PESHAWAR, Pakistan (Reuters) - A former Afghan provincial governor who was kidnapped in Islamabad this month was freed from his captors by Pakistani police on Friday, officials said.
Fazlullah Wahidi, the ex-governor of Afghanistan’s western Heart province, was abducted on Feb. 12 from a busy market in the Pakistani capital.
“We recovered the former Afghan governor Fazlullah Wahidi from his kidnappers and arrested three kidnappers,” said Javed Iqbal Wazir, police chief of the northwestern Swabi district from where Wahidi was rescued.

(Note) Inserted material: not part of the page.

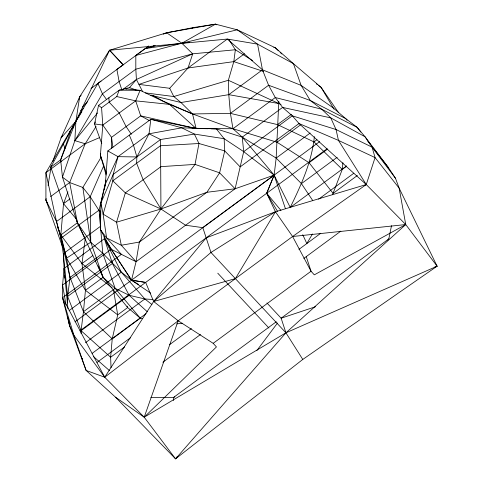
<?xml version="1.0" encoding="UTF-8"?>
<svg xmlns="http://www.w3.org/2000/svg" width="483" height="483" viewBox="0 0 483 483"><rect width="100%" height="100%" fill="white"/><g stroke="black" fill="none" stroke-linecap="round" stroke-linejoin="round"><path stroke-width="0.72" d="M155.291 45.71L145.226 48.566L135.82 55.448L135.814 69.202L136.411 79.496L142.473 91.341M121.939 90.152L119.114 81.5L116.88 69.401L123.159 64.825L109.538 50.244L227.33 39.051L262.468 69.824L301.126 85.388L333.143 107.854L345.665 118.564L357.136 127.343L365.039 136.767L388.543 167.788L395.474 178.251L399.163 188.177L437.097 266.187L302.775 359.437L175.552 458.85L115.473 397.153L86.113 370.443L69.618 325.79L62.542 297.721L62.573 285.055L64.076 268.379L63.303 253.696L60.906 238.24L56.493 221.558L45.903 172.697L97.934 83.354L101.08 81.09M109.538 50.244L166.659 32.778L193.23 27.591L215.496 24.15L237.201 29.807L257.548 44.134L262.468 69.824L268.59 85.256L310.255 100.488L321.75 109.243L330.752 117.864L365.039 136.767L372.067 147.158L375.068 157.591L399.163 188.177L405.744 224.553L314.3 274.851L311.04 271.241L292.595 236.501L275.461 211.759L266.688 193.266L274.139 175.13L276.161 158.074L278.824 101.327M142.479 318.641L140.287 318.188L127.663 307.55L103.084 277.327L77.383 222.772L62.446 177.122L74.853 140.644L75.903 121.275L79.641 96.878L109.544 50.232L123.159 64.825M67.246 302.956L67.626 296.435L70.029 277.447L66.539 258.194L60.834 234.967L57.616 227.433M101.786 143.723L94.535 123.92L98.544 105.379L119.216 90.152L125.103 88.709L140.118 90.345L169.515 104.364L192.524 113.946L232.957 128.726L242.249 137.136L274.139 175.13L290.247 207.43C301.144 185.031 311.885 161.702 314.355 136.647M208.107 128.726L196.128 128.508L150.829 119.271L107.836 150.944L105.336 184.108L104.437 189.3M98.544 105.379L101.575 107.739L102.794 125.079L100.404 155.272L106.127 175.021M112.128 287.886L81.965 263.561L60.834 234.967L63.527 203.657L67.94 191.854M81.114 333.572L81.084 330.686L83.45 311.722L85.443 290.319L81.965 263.561L85.28 238.463M342.924 162.729L342.278 169.394L332.497 194.746M202.836 227.656L185.581 225.241L160.936 208.994L143.149 179.761L136.623 163.278L136.87 156.951L149.03 133.803L150.829 119.271L181.741 127.826L194.389 134.081L224.136 138.699L243.698 151.632L274.139 175.13L285.387 208.565M357.372 175.498L333.107 193.375L309.078 162.741L276.994 142.213L232.957 128.726L230.421 113.372L228.767 94.656L228.362 80.275L233.808 61.625L235.354 49.755L228.93 39.612M62.011 245.424L45.921 200.028L46.139 198.561M48.083 185.406L51.27 165.735M138.585 284.511L131.527 280.188L136.055 261.72L139.339 242.068L160.936 208.994L195.035 164.395L198.96 143.505L194.389 134.081L160.543 139.515L113.203 174.387L100.917 202.932L100.506 229.769L111.187 249.246L131.527 280.188L150.702 293.151M100.718 210.805L100.078 214.518L100.506 229.769L106.598 237.926L121.396 254.366L62.542 297.721L73.893 335.28L86.113 370.443L104.72 377.217L144.206 417.209L175.552 458.85L176.609 457.775M79.23 99.063L79.641 96.878L81.138 95.187M387.867 240.051L388.809 238.886L391.508 225.658M100.736 153.817L100.404 155.272L106.556 173.494M104.014 236.477L104.406 238.668L111.187 249.246L136.055 261.72L235.1 188.762L243.698 151.632L242.249 137.136L282.585 107.425L330.752 117.864L336.047 129.529L338.45 140.402L366.265 184.554L405.744 224.553L437.097 266.187L434.398 267.516M100.675 228.743L99.081 210.123L106.055 180.068M312.664 200.445L301.434 183.625L276.161 158.074L242.249 137.136L216.342 128.876L181.741 127.826L149.03 133.803L118.015 156.655L113.203 174.387L112.811 180.829L103.108 214.12L106.598 237.926L121.299 245.249L136.055 261.72M263.458 71.399L233.808 61.625L188.038 67.994L138.923 84.398L169.696 88.28L188.038 67.994L192.711 53.824L181.837 43.241L166.659 32.778L163.212 34.19M52.738 161.564L61.045 137.921L79.641 96.878M100.464 212.731L90.194 196.732L82.847 187.464L69.667 182.538L62.446 177.122L60.653 159.855L70.923 130.645L69.757 131.503M150.98 95.079L153.835 95.972L163.218 101.164L192.524 113.946L230.421 113.372L268.59 85.256L275.292 97.542L282.585 107.425L292.306 115.823L299.019 123.527L338.45 140.402L375.068 157.591L366.265 184.554L292.595 236.501L178.185 320.778L144.206 417.209L115.473 397.153M101.575 107.739L116.735 96.57L119.216 90.152L140.118 90.345L135.687 100.85L102.794 125.079L94.535 123.92L95.429 121.909M76.785 219.656L63.527 203.657L50.781 167.13L60.653 159.855L75.903 121.275L109.544 50.232M50.673 196.527L69.667 182.538L85.195 143.753L96.063 126.54M277.514 211.331L266.688 193.266L274.151 175.051M111.018 367.648L110.631 357.257L112.231 338.855L140.287 318.188L115.147 288.375L103.084 277.327L90.75 242.243L90.194 196.732L103.591 166.007M129.335 135.107L133.519 145.232L136.87 156.945L118.015 156.655L105.336 184.108L100.917 202.932L103.108 214.12L116.542 222.222L121.299 245.249L139.339 242.068L206.923 192.282L219.62 172.823L224.728 150.907L224.136 138.699L216.342 128.876L211.101 128.78M50.781 167.13L75.903 121.275L81.893 111.712M99.583 137.601L85.195 143.753L74.853 140.644L102.408 93.805L135.814 69.202L192.711 53.824L235.354 49.755L252.603 60.586M312.483 233.953L306.82 243.553L302.756 234.696M101.176 157.18L82.847 187.464L90.75 242.243L102.788 253.315L121.281 272.164L144.846 298.971L151.916 304.501M72.486 128.073L73.664 126.141M62.627 135.427L61.045 137.921L75.903 121.275M177.358 456.447L175.552 458.85L285.93 332.817L405.744 224.553L292.595 236.501M256.769 350.658L277.526 323.006M74.853 140.644L97.554 112.925M126.54 89.071L125.103 88.709L129.547 87.592L136.411 79.496L192.711 53.824M82.593 106.997L87.701 101.49M434.948 266.906L437.097 266.187L285.93 332.817L144.206 417.209L216.444 346.933L213.184 343.328L178.185 320.778L104.72 377.217L73.893 335.28L69.618 325.79L67.614 316.613M90.955 88.546L148.8 45.939M165.47 33.659L166.659 32.778L215.496 24.15L216.825 24.814M80.697 110.492L83.716 108.264M122.543 89.705L136.411 79.496M85.195 143.753L45.903 172.697L45.921 200.028L47.678 204.14M188.038 67.994L227.33 39.051L257.548 44.134L293.423 63.635L321.123 87.393L338.571 112.648M233.808 61.625L244.495 53.752M63.527 203.657L70.029 198.869M99.081 210.123L60.906 238.24L70.029 277.447L83.45 311.722L112.231 338.855L117.719 314.874L85.443 290.319L66.539 258.194L56.493 221.558L90.194 196.732M150.962 95.248L180.968 102.517L228.767 94.656L262.468 69.824M60.834 234.967L77.383 222.772L69.667 182.538M100.802 226.074L63.303 253.696L67.626 296.435L81.084 330.686L110.631 357.257L124.584 346.975M64.342 272.859L64.076 268.379L104.406 238.668L131.527 280.188L145.661 282.422L153.654 301.483L178.185 320.778M81.965 263.561L92.833 255.555M70.029 277.447L102.788 253.315L100.808 230.228M230.421 113.372L277.496 124.62L291.448 114.344M111.187 249.246L62.573 285.055L66.032 305.051M243.698 151.632L292.306 115.823L336.047 129.529L372.067 147.158L395.474 178.251M67.626 296.435L112.388 263.464L112.02 261.231M276.994 142.213L300.583 124.831M85.443 290.319L103.084 277.327L98.115 265.879M69.117 310.593L121.281 272.164L131.527 280.188M276.161 158.074L310.128 133.054M83.45 311.722L115.147 288.375L129.142 295.288L144.846 298.971L153.057 299.508M277.496 124.62L313.974 141.911L316.963 139.708M75.082 321.763L319.661 141.597M79.924 330.843L326.991 148.842M81.084 330.686L129.142 295.288L147.46 311.885M309.078 162.741L327.697 149.024M85.479 342.701L144.846 298.971M301.434 183.625L337.176 157.295M92.132 353.369L146.071 313.636M290.247 207.43L346.613 165.911M346.456 166.315L342.278 169.394L313.974 141.911M97.047 362.395L130.44 337.792M318.599 199.189L353.816 173.246M364.9 185.206L366.108 184.313M169.557 344.669L191.413 328.567M298.923 249.373L320.784 233.265M162.837 362.262L200.493 334.526M303.831 258.405L340.859 231.122M213.184 343.328L311.04 271.241L306.246 256.624M276.294 321.763L173.463 397.515L150.865 397.376M388.809 238.886L281.136 318.2L285.93 332.817L302.775 359.437M274.109 175.154L202.812 227.596L210.968 252.458L285.93 332.817M151.421 47.213L153.932 45.631M135.82 55.448L181.837 43.241L215.496 24.15M191.866 28.201L193.23 27.591M174.852 396.941L173.463 397.515L173.56 400.51M235.1 188.762L219.62 172.823L195.035 164.395L160.954 166.641L125.345 192.874L116.542 222.222L160.936 208.994L206.923 192.282L235.1 188.762L274.139 175.13M315.477 306.747L281.136 318.2L266.942 302.986M145.226 48.566L181.837 43.241L237.201 29.807L275.232 47.708L293.423 63.635L301.126 85.388L310.255 100.488L345.665 118.564L347.09 120.303M181.837 43.241L185.569 42.733M187.06 42.534L189.294 42.232M176.663 323.864L182.592 323.272M189.463 127.554L196.128 128.508L232.957 128.726L275.292 97.542L321.75 109.243L357.136 127.343L360.813 132.07M116.735 96.57L135.687 100.85L169.515 104.364L196.128 128.508L192.524 113.946L180.968 102.517L173.802 96.54L169.696 88.28M145.365 92.893L173.802 96.54L228.362 80.275L281.021 104.539M131.479 280.146L145.661 282.422M228.767 94.656L278.993 103.579M273.776 47.388L275.232 47.708L278.498 50.83M196.128 128.508L140.698 115.854L111.537 137.335L111.682 148.529M129.547 87.592L136.333 90.098M149.03 133.803L160.543 139.515L160.936 208.994L125.345 192.874L112.811 180.829L160.434 145.751L198.96 143.505L224.728 150.907L240.166 166.876L299.019 123.527L366.265 184.554L275.461 211.759L206.175 237.841L153.654 301.483L104.72 377.217L62.542 297.721M149.162 120.466L140.698 115.854L135.687 100.85M107.836 150.944L118.015 156.655M316.329 83.813L317.53 84.706M318.726 85.6L321.123 87.393L333.958 109.116M93.666 356.732L109.484 370.612M280.128 52.387L281.758 53.945M217.773 273.203L268.916 328.023M266.688 193.266L280.913 210.389M367.243 140.342L370.461 144.477M373.22 148.021L380.574 157.476M381.033 158.068L388.543 167.788M106.64 99.637L102.408 93.805L97.934 83.354M102.794 125.079L111.537 137.335L112.907 147.393M76.429 218.455L77.383 222.772L90.75 242.243L66.539 258.194L65.03 253.937M131.31 134.256L126.117 126.594L119.241 112.968L109.152 102.154L108.88 97.765M78.131 116.065L78.964 117.297M129.142 295.288L112.388 263.464L104.406 238.668L121.281 272.164M77.383 222.772L84.404 236.924M45.921 200.028L56.493 221.558M127.095 306.192L127.663 307.55L117.719 314.874L113.408 289.546M63.188 143.548L65.06 148.474M102.788 253.315L115.147 288.375M60.653 159.855L61.075 161.274M68.725 320.603L69.618 325.79L69.474 324.298M64.076 268.379L67.964 308.643M82.255 358.308L82.436 360.511M64.474 275.093L64.65 278.075M275.461 211.759L235.39 278.637L153.654 301.483L210.968 252.458L275.461 211.759"/></g></svg>

“The former governor was in good health and has been shifted to the Afghan consulate in Peshawar.”
Wazir said the three arrested people were in custody and being investigated at a secret location. The motive for the kidnapping was still not clear, he said.
Former Afghan President Hamid Karzai, who Afghan media say is close to Wahidi, issued a statement after the kidnapping, saying the former governor traveled to Pakistan to apply for a visa to the United Kingdom. The UK does not issue visas to Afghans in Kabul.
By Friday afternoon, Wahidi had been moved to the Afghan Embassy in Islamabad and was preparing to return home, said Abdul Nasir Yousofi, the embassy’s political counselor.
“He is safe and he is with us now,” Yousofi said.
Pakistan and Afghanistan have been seeking to mend relations in recent months in part to foster peace talks with the Taliban to end Afghanistan’s nearly 15-year-old war.
However, mistrust on both sides is deeply ingrained, with each accusing the other of failing to crack down on Islamist militants finding safe haven in lawless border areas.